1. Meine Daten, die ich auslesen möchte fangen nicht in der ersten Zeile, sondern in der 8ten an. Wie kann ich die Zeilenanzahl angeben ab der erst ausgelesen wird? Gibt es dafuer schon eine funktion in der ich einfach den Wert setzen muss?

2. Kann ich irgednwo das auszulesende sheet angeben? z.b. den sheetnamen der ausgelesen werden soll?

Danke!!


----------



## Der Müde Joe (14. Sep 2010)

>Kann ich irgednwo das auszulesende sheet angeben?

HSSFWorkbook (POI API Documentation)

>nicht in der ersten Zeile, sondern in der 8ten an.

HSSFSheet (POI API Documentation)


----------



## SlaterB (14. Sep 2010)

wenn du nicht weißt, wie man ein Sheet/ eine Row auswählt, wie liest du dann überhaupt bisher Daten ein?!
das wäre ja mal interessant


----------



## vodn7v (14. Sep 2010)

derzeit mache ich das mit dieser klasse:

Class HSSFRequest

HSSFRequest (POI API Documentation)

oder ist das schon der Falsche anfang? Er gibt mir den kompletten inhalts des sheets zurück.

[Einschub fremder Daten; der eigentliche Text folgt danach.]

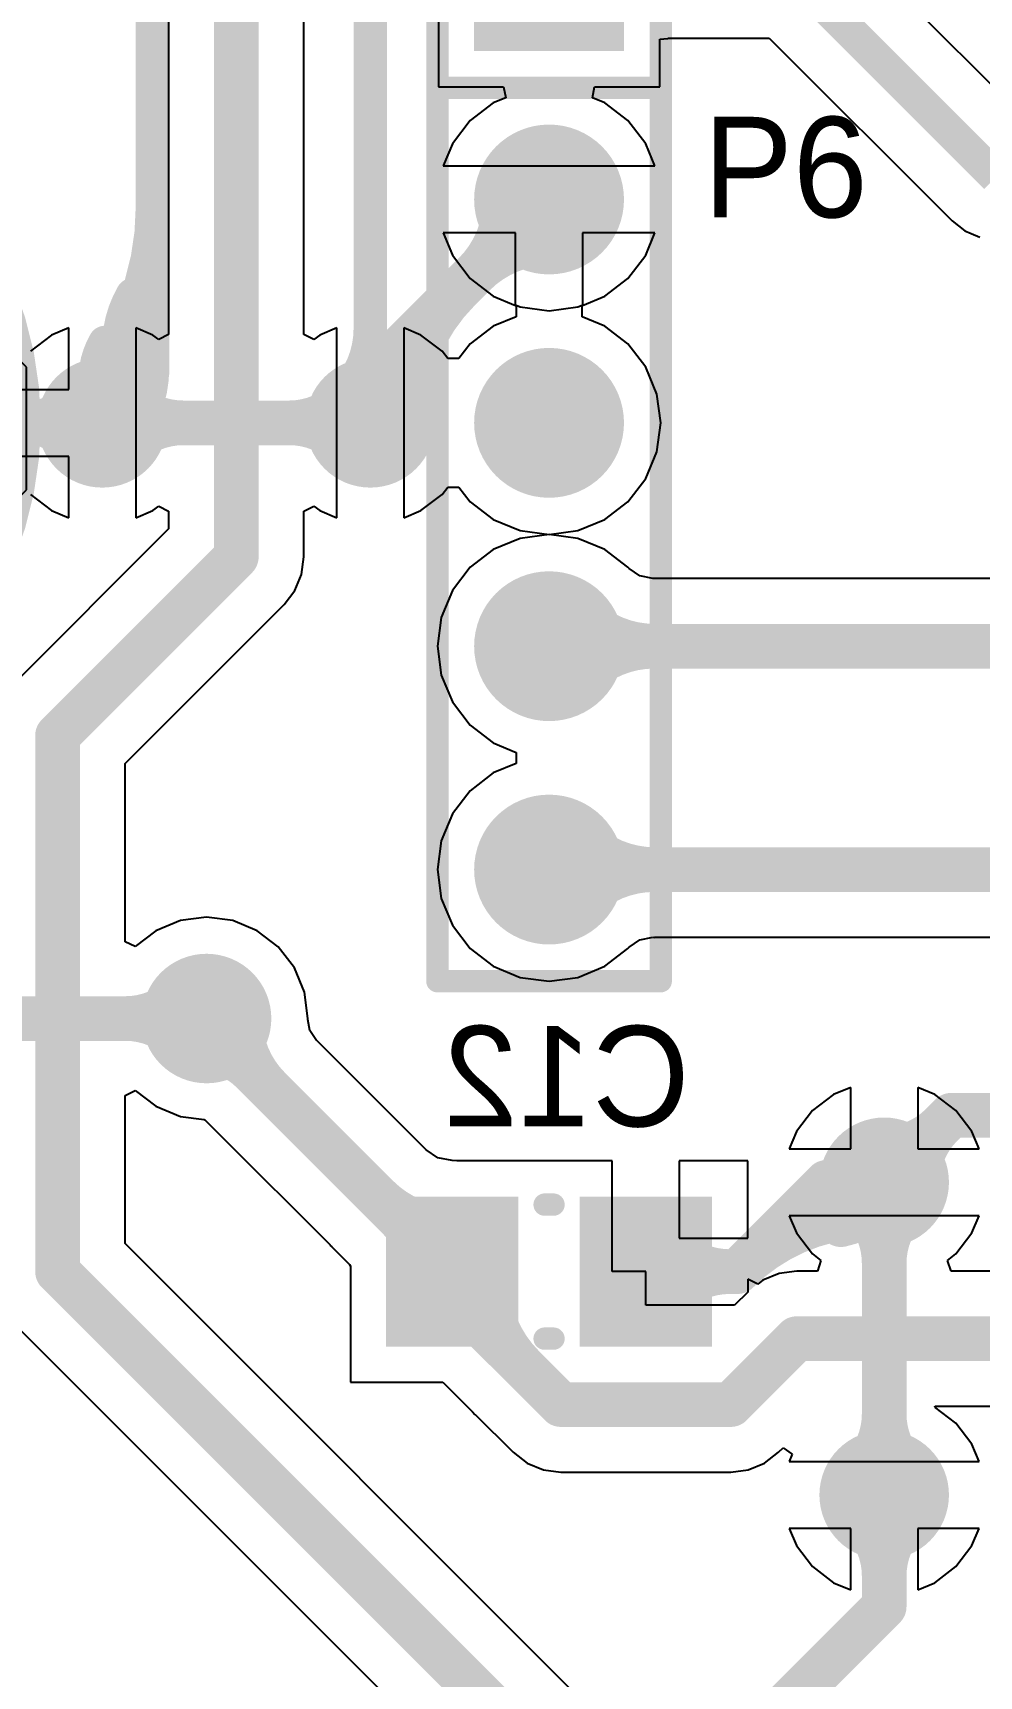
# Model space of a CAD drawing. Extents: x 41 to 201, y 4 to 127.
# Drawn here: x 94.21 to 104.97, y 65.76 to 84.44 of the extents above; entities that cross this region are included whole.
import ezdxf

# ---------------------------------------------------------------- set-up
doc = ezdxf.new("R2010")
doc.units = 0
doc.layers.get('0').update_dxf_attribs({"linetype": 'CONTINUOUS'})
for name, color, linetype in [('BOTTOMLAYER', 5, 'CONTINUOUS'), ('BOTTOMOVERLAY', 54, 'CONTINUOUS'), ('BOTTOMPASTE', 16, 'CONTINUOUS'), ('BOTTOMSOLDER', 6, 'CONTINUOUS'), ('MULTILAYER', 9, 'CONTINUOUS'), ('TOPLAYER', 1, 'CONTINUOUS'), ('TOPOVERLAY', 2, 'CONTINUOUS'), ('TOPSOLDER', 216, 'CONTINUOUS')]:
    doc.layers.add(name, color=color, linetype=linetype)

# ---------------------------------------------------------------- blocks, each defined once
blk = doc.blocks.new('CP3_5___8_0___6')
at = {"layer": 'BOTTOMLAYER', "const_width": 0.762}
blk.add_lwpolyline([(-3.881, 0, 1), (-3.119, 0, 1)], format="xyb", close=True, dxfattribs=at)
at = {"layer": 'BOTTOMLAYER'}
blk.add_solid([(0.762, 0.762), (-0.762, 0.762), (0.762, -0.762), (-0.762, -0.762)], dxfattribs=at)
at = {"layer": 'BOTTOMSOLDER', "const_width": 0.864}
blk.add_lwpolyline([(-3.932, 0, 1), (-3.068, 0, 1)], format="xyb", close=True, dxfattribs=at)
at = {"layer": 'BOTTOMSOLDER'}
blk.add_solid([(0.864, 0.864), (-0.864, 0.864), (0.864, -0.864), (-0.864, -0.864)], dxfattribs=at)
at = {"layer": 'MULTILAYER', "const_width": 0.762}
blk.add_lwpolyline([(-3.881, 0, 1), (-3.119, 0, 1)], format="xyb", close=True, dxfattribs=at)
at = {"layer": 'MULTILAYER'}
blk.add_solid([(0.762, 0.762), (-0.762, 0.762), (0.762, -0.762), (-0.762, -0.762)], dxfattribs=at)
at = {"layer": 'TOPLAYER', "const_width": 0.762}
blk.add_lwpolyline([(-3.881, 0, 1), (-3.119, 0, 1)], format="xyb", close=True, dxfattribs=at)
at = {"layer": 'TOPLAYER'}
blk.add_solid([(0.762, 0.762), (-0.762, 0.762), (0.762, -0.762), (-0.762, -0.762)], dxfattribs=at)
at = {"layer": 'TOPOVERLAY'}
for p, q in [((-4.953, 2.286), (-5.334, 1.905)), ((-4.953, -2.286), (-4.953, 2.286)), ((-5.334, 1.905), (-5.334, 1.651)), ((-5.334, 1.651), (-5.588, 1.397)), ((-5.588, 1.397), (-5.588, 0.889)), ((-5.588, 0.889), (-5.715, 0.762)), ((-5.715, 0.762), (-5.715, -0.635)), ((-5.715, -0.635), (-5.588, -0.762)), ((-5.588, -0.762), (-5.588, -1.143)), ((-5.588, -1.143), (-5.461, -1.27)), ((-5.461, -1.27), (-5.461, -1.524)), ((-5.461, -1.524), (-5.334, -1.651)), ((-5.334, -1.651), (-5.334, -1.778)), ((-5.334, -1.778), (-5.207, -1.905)), ((-5.207, -1.905), (-5.207, -2.032)), ((-5.207, -2.032), (-4.953, -2.286))]:
    blk.add_line(p, q, dxfattribs=at)
for points, const_width in [([(2.25, 0, 1), (-5.75, 0, 1)], 0.254), ([(-4.988, 2.413, 1), (-4.861, 2.413, 1)], 0.127), ([(-5.813, 0, 1), (-5.686, 0, 1)], 0.127), ([(2.187, 0, 1), (2.314, 0, 1)], 0.127), ([(-4.988, -2.413, 1), (-4.861, -2.413, 1)], 0.127)]:
    blk.add_lwpolyline(points, format="xyb", close=True, dxfattribs=dict(at, const_width=const_width))
at = {"layer": 'TOPOVERLAY', "const_width": 0.254}
blk.add_lwpolyline([(-4.925, 2.413), (-4.925, -2.413)], dxfattribs=at)
at = {"layer": 'TOPSOLDER', "const_width": 0.864}
blk.add_lwpolyline([(-3.932, 0, 1), (-3.068, 0, 1)], format="xyb", close=True, dxfattribs=at)
at = {"layer": 'TOPSOLDER'}
blk.add_solid([(0.864, 0.864), (-0.864, 0.864), (0.864, -0.864), (-0.864, -0.864)], dxfattribs=at)
at = {"layer": 'TOPOVERLAY'}
for s, p in [('+', (0.508, -1.016)), ('-', (-3.048, -1.016))]:
    blk.add_text(s, height=1.5, rotation=180, dxfattribs=at).set_placement(p)
blk = doc.blocks.new('HDR1X5_9')
at = {"layer": 'BOTTOMLAYER', "const_width": 0.75}
for points in [[(2.165, 0, 1), (2.915, 0, 1)], [(4.705, 0, 1), (5.455, 0, 1)], [(7.245, 0, 1), (7.995, 0, 1)], [(9.785, 0, 1), (10.535, 0, 1)]]:
    blk.add_lwpolyline(points, format="xyb", close=True, dxfattribs=at)
at = {"layer": 'BOTTOMLAYER'}
blk.add_solid([(-0.75, -0.75), (0.75, -0.75), (-0.75, 0.75), (0.75, 0.75)], dxfattribs=at)
at = {"layer": 'BOTTOMSOLDER', "const_width": 0.852}
for points in [[(2.114, 0, 1), (2.966, 0, 1)], [(4.654, 0, 1), (5.506, 0, 1)], [(7.194, 0, 1), (8.046, 0, 1)], [(9.734, 0, 1), (10.586, 0, 1)]]:
    blk.add_lwpolyline(points, format="xyb", close=True, dxfattribs=at)
at = {"layer": 'BOTTOMSOLDER'}
blk.add_solid([(-0.852, -0.852), (0.852, -0.852), (-0.852, 0.852), (0.852, 0.852)], dxfattribs=at)
at = {"layer": 'MULTILAYER', "const_width": 0.75}
for points in [[(2.165, 0, 1), (2.915, 0, 1)], [(4.705, 0, 1), (5.455, 0, 1)], [(7.245, 0, 1), (7.995, 0, 1)], [(9.785, 0, 1), (10.535, 0, 1)]]:
    blk.add_lwpolyline(points, format="xyb", close=True, dxfattribs=at)
at = {"layer": 'MULTILAYER'}
blk.add_solid([(-0.75, -0.75), (0.75, -0.75), (-0.75, 0.75), (0.75, 0.75)], dxfattribs=at)
at = {"layer": 'TOPLAYER', "const_width": 0.75}
for points in [[(2.165, 0, 1), (2.915, 0, 1)], [(4.705, 0, 1), (5.455, 0, 1)], [(7.245, 0, 1), (7.995, 0, 1)], [(9.785, 0, 1), (10.535, 0, 1)]]:
    blk.add_lwpolyline(points, format="xyb", close=True, dxfattribs=at)
at = {"layer": 'TOPLAYER'}
blk.add_solid([(-0.75, -0.75), (0.75, -0.75), (-0.75, 0.75), (0.75, 0.75)], dxfattribs=at)
at = {"layer": 'TOPOVERLAY', "const_width": 0.254}
for points in [[(11.43, 1.27), (-1.27, 1.27)], [(-1.27, -1.27), (-1.27, 1.27)], [(1.27, -1.27), (1.27, 1.27)], [(11.43, -1.27), (11.43, 1.27)], [(11.43, -1.27), (-1.27, -1.27)]]:
    blk.add_lwpolyline(points, dxfattribs=at)
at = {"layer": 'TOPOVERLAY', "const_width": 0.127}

und damit starte ich den leseprozess :HSSFEventFactory (POI API Documentation)


----------



## SlaterB (14. Sep 2010)

nun gut, das mag ein anderer Ansatz sein, kenne ich noch gar nicht

woran ich und gewiss auch Der Müde Joe gedacht haben ist mehr Richtung
Java Examples - How do I read Excel file?

der imperative Ansatz,
Workbook öffnen, Sheet auswählen, Row auswählen, Column auswählen,
alles mit Schleifen usw.

(wobei in dem Beispiel die Rows und Columns auch wieder per Iterator durchlaufen werden,
stell dir dort sheet.getRow(8); vor oder ähnliches)


----------



## vodn7v (14. Sep 2010)

ok, ich danke euch! mit meiner methode schneint es denke ich mal nicht zu gehen. dann versuche ich mal euren weg.

danke


----------